Zone manuell signieren
Wer mehr Kontrolle will oder eine ältere BIND-Version hat, kann die Schlüssel von Hand erzeugen. KSK erstellen:
$ dnssec-keygen -a ECDSAP256SHA256 -f KSK -n ZONE kernel-error.org
Kkernel-error.org.+013+12345
ZSK erstellen:
$ dnssec-keygen -a ECDSAP256SHA256 -n ZONE kernel-error.org
Kkernel-error.org.+013+67890
Die öffentlichen Teile (*.key) in die Zonendatei einbinden und signieren:
$ cat Kkernel-error.org.+013+*.key >> kernel-error.org
$ dnssec-signzone -S -K /pfad/zu/keys -o kernel-error.org kernel-error.org
Verifying the zone using the following algorithms: ECDSAP256SHA256.
Zone signing complete:
Algorithm: ECDSAP256SHA256: ZSKs: 1, KSKs: 1 active, 0 stand-by
kernel-error.org.signed
Dann BIND anweisen, die signierte Zonendatei zu laden. Nach jeder Änderung an der Zone muss neu signiert werden — oder man nutzt inline-signing, dann entfällt das.
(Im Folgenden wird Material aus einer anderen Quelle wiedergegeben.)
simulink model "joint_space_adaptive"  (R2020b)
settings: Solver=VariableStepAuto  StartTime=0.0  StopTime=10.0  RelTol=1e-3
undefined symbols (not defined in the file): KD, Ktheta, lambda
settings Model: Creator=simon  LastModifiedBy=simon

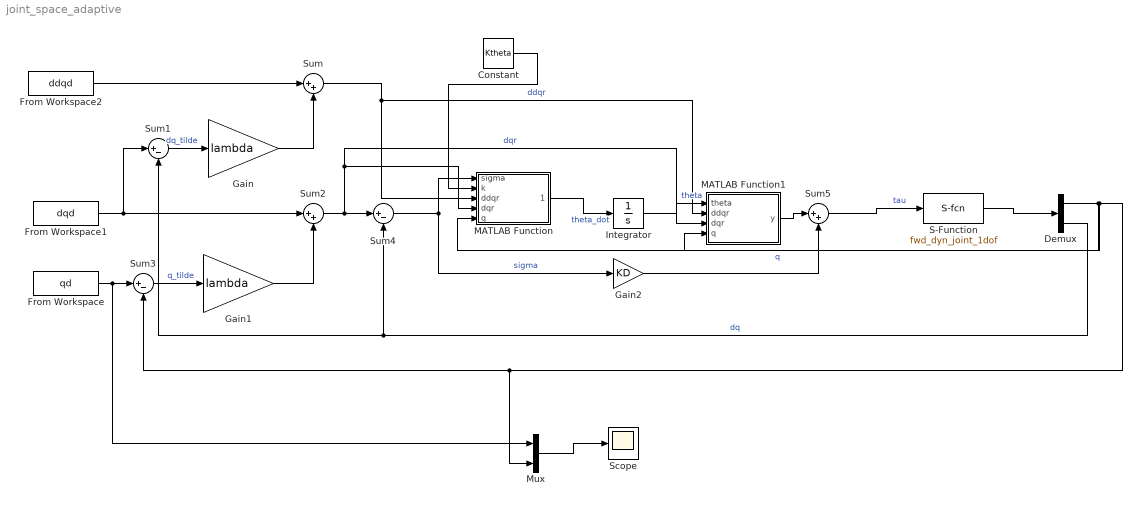
== system joint_space_adaptive ==
  Constant : Constant  Value=Ktheta
  Demux : Demux  Outputs=2
  From Workspace : FromWorkspace  VariableName=qd
  From Workspace1 : FromWorkspace  VariableName=dqd
  From Workspace2 : FromWorkspace  VariableName=ddqd
  Gain : Gain  Gain=lambda
  Gain1 : Gain  Gain=lambda
  Gain2 : Gain  Gain=KD
  Integrator : Integrator
  MATLAB Function : MATLAB Function  TreatAsAtomicUnit=on
  MATLAB Function1 : MATLAB Function  TreatAsAtomicUnit=on
  Mux : Mux  Inputs=2
  S-Function : S-Function  FunctionName=fwd_dyn_joint_1dof  Parameters=qi, dqi  SFunctionDeploymentMode=off  EnableBusSupport=off
  Scope : Scope
  Sum : Sum  Inputs=|++
  Sum1 : Sum  Inputs=|+-
  Sum2 : Sum  Inputs=|++
  Sum3 : Sum  Inputs=|+-
  Sum4 : Sum  Inputs=|+-
  Sum5 : Sum  Inputs=|++
  wires:
  From Workspace2/1 -> Sum/1
  Sum1/1 -> Gain/1  "dq_tilde"
  Gain/1 -> Sum/2
  From Workspace1/1 -> Sum2/1, Sum1/1
  Gain1/1 -> Sum2/2
  Sum3/1 -> Gain1/1  "q_tilde"
  From Workspace/1 -> Mux/1, Sum3/1
  Sum2/1 -> MATLAB Function1/3(dqr), MATLAB Function/4(dqr), Sum4/1  "dqr"
  Sum4/1 -> MATLAB Function/1(sigma), Gain2/1  "sigma"
  MATLAB Function/1(theta_dot) -> Integrator/1  "theta_dot"
  Integrator/1 -> MATLAB Function1/1(theta)  "theta"
  MATLAB Function1/1(y) -> Sum5/1
  S-Function/1 -> Demux/1
  Demux/1 -> MATLAB Function/5(q), MATLAB Function1/4(q), Mux/2, Sum3/2  "q"
  Demux/2 -> Sum1/2, Sum4/2  "dq"
  Gain2/1 -> Sum5/2
  Sum/1 -> MATLAB Function1/2(ddqr), MATLAB Function/3(ddqr)  "ddqr"
  Constant/1 -> MATLAB Function/2(k)
  Mux/1 -> Scope/1
  Sum5/1 -> S-Function/1  "tau"

== matlab function joint_space_adaptive/MATLAB Function1 ==
  data: theta input; y output; ddqr input; dqr input; q input
function y = fcn(theta, ddqr, dqr, q)

y = [ddqr dqr sin(q)]*theta;

== matlab function joint_space_adaptive/MATLAB Function ==
  data: sigma input; k input; theta_dot output size=3; ddqr input; dqr input; q input
function theta_dot = fcn(sigma,k,ddqr,dqr,q)

theta_dot = k*[ddqr;dqr;sin(q)];

DS-Record beim Registrar einreichen
Der öffentliche KSK muss als DS-Record in der übergeordneten Zone landen. Bei der DENIC (.de) und den meisten TLD-Registries gibt es dafür ein Webinterface beim Registrar. Man schickt den öffentlichen KSK hin, der Registrar erstellt daraus einen DS-Record und veröffentlicht ihn neben den NS-Records.
Ob der DS-Record gesetzt ist, lässt sich prüfen, indem man die TLD-Nameserver direkt fragt:
DNSSEC-Signaturen machen DNS-Antworten deutlich größer als die 512 Bytes, die klassisches DNS über UDP erlaubt. EDNS (RFC 6891) hebt dieses Limit auf. Das ist seit 1999 spezifiziert, aber manche Firewalls und Billig-Router haben damit immer noch Probleme — sie filtern große UDP-Pakete oder EDNS-Optionen.
Wichtig: Gehen die Schlüssel verloren oder die signierte Zonendatei brennt ab, hat man ein Problem. Vor jeder großen Änderung (Key-Rollover, Algorithmus-Wechsel) immer die längste TTL der Zone abwarten. Sonst sind gecachte Antworten mit der alten Signatur noch gültig, während die neue Signatur schon aktiv ist — die Zone wird temporär nicht validierbar.
Meinen „analogen“ DNSSEC-Masterplan dazu habe ich mir damals aufgezeichnet:
Was man auf DNSSEC aufbauen kann
Wenn die Zone signiert ist, lassen sich darüber weitere Sicherheitsmechanismen verteilen:
DANE/TLSA — TLS-Zertifikate per DNS verifizieren, unabhängig von CAs.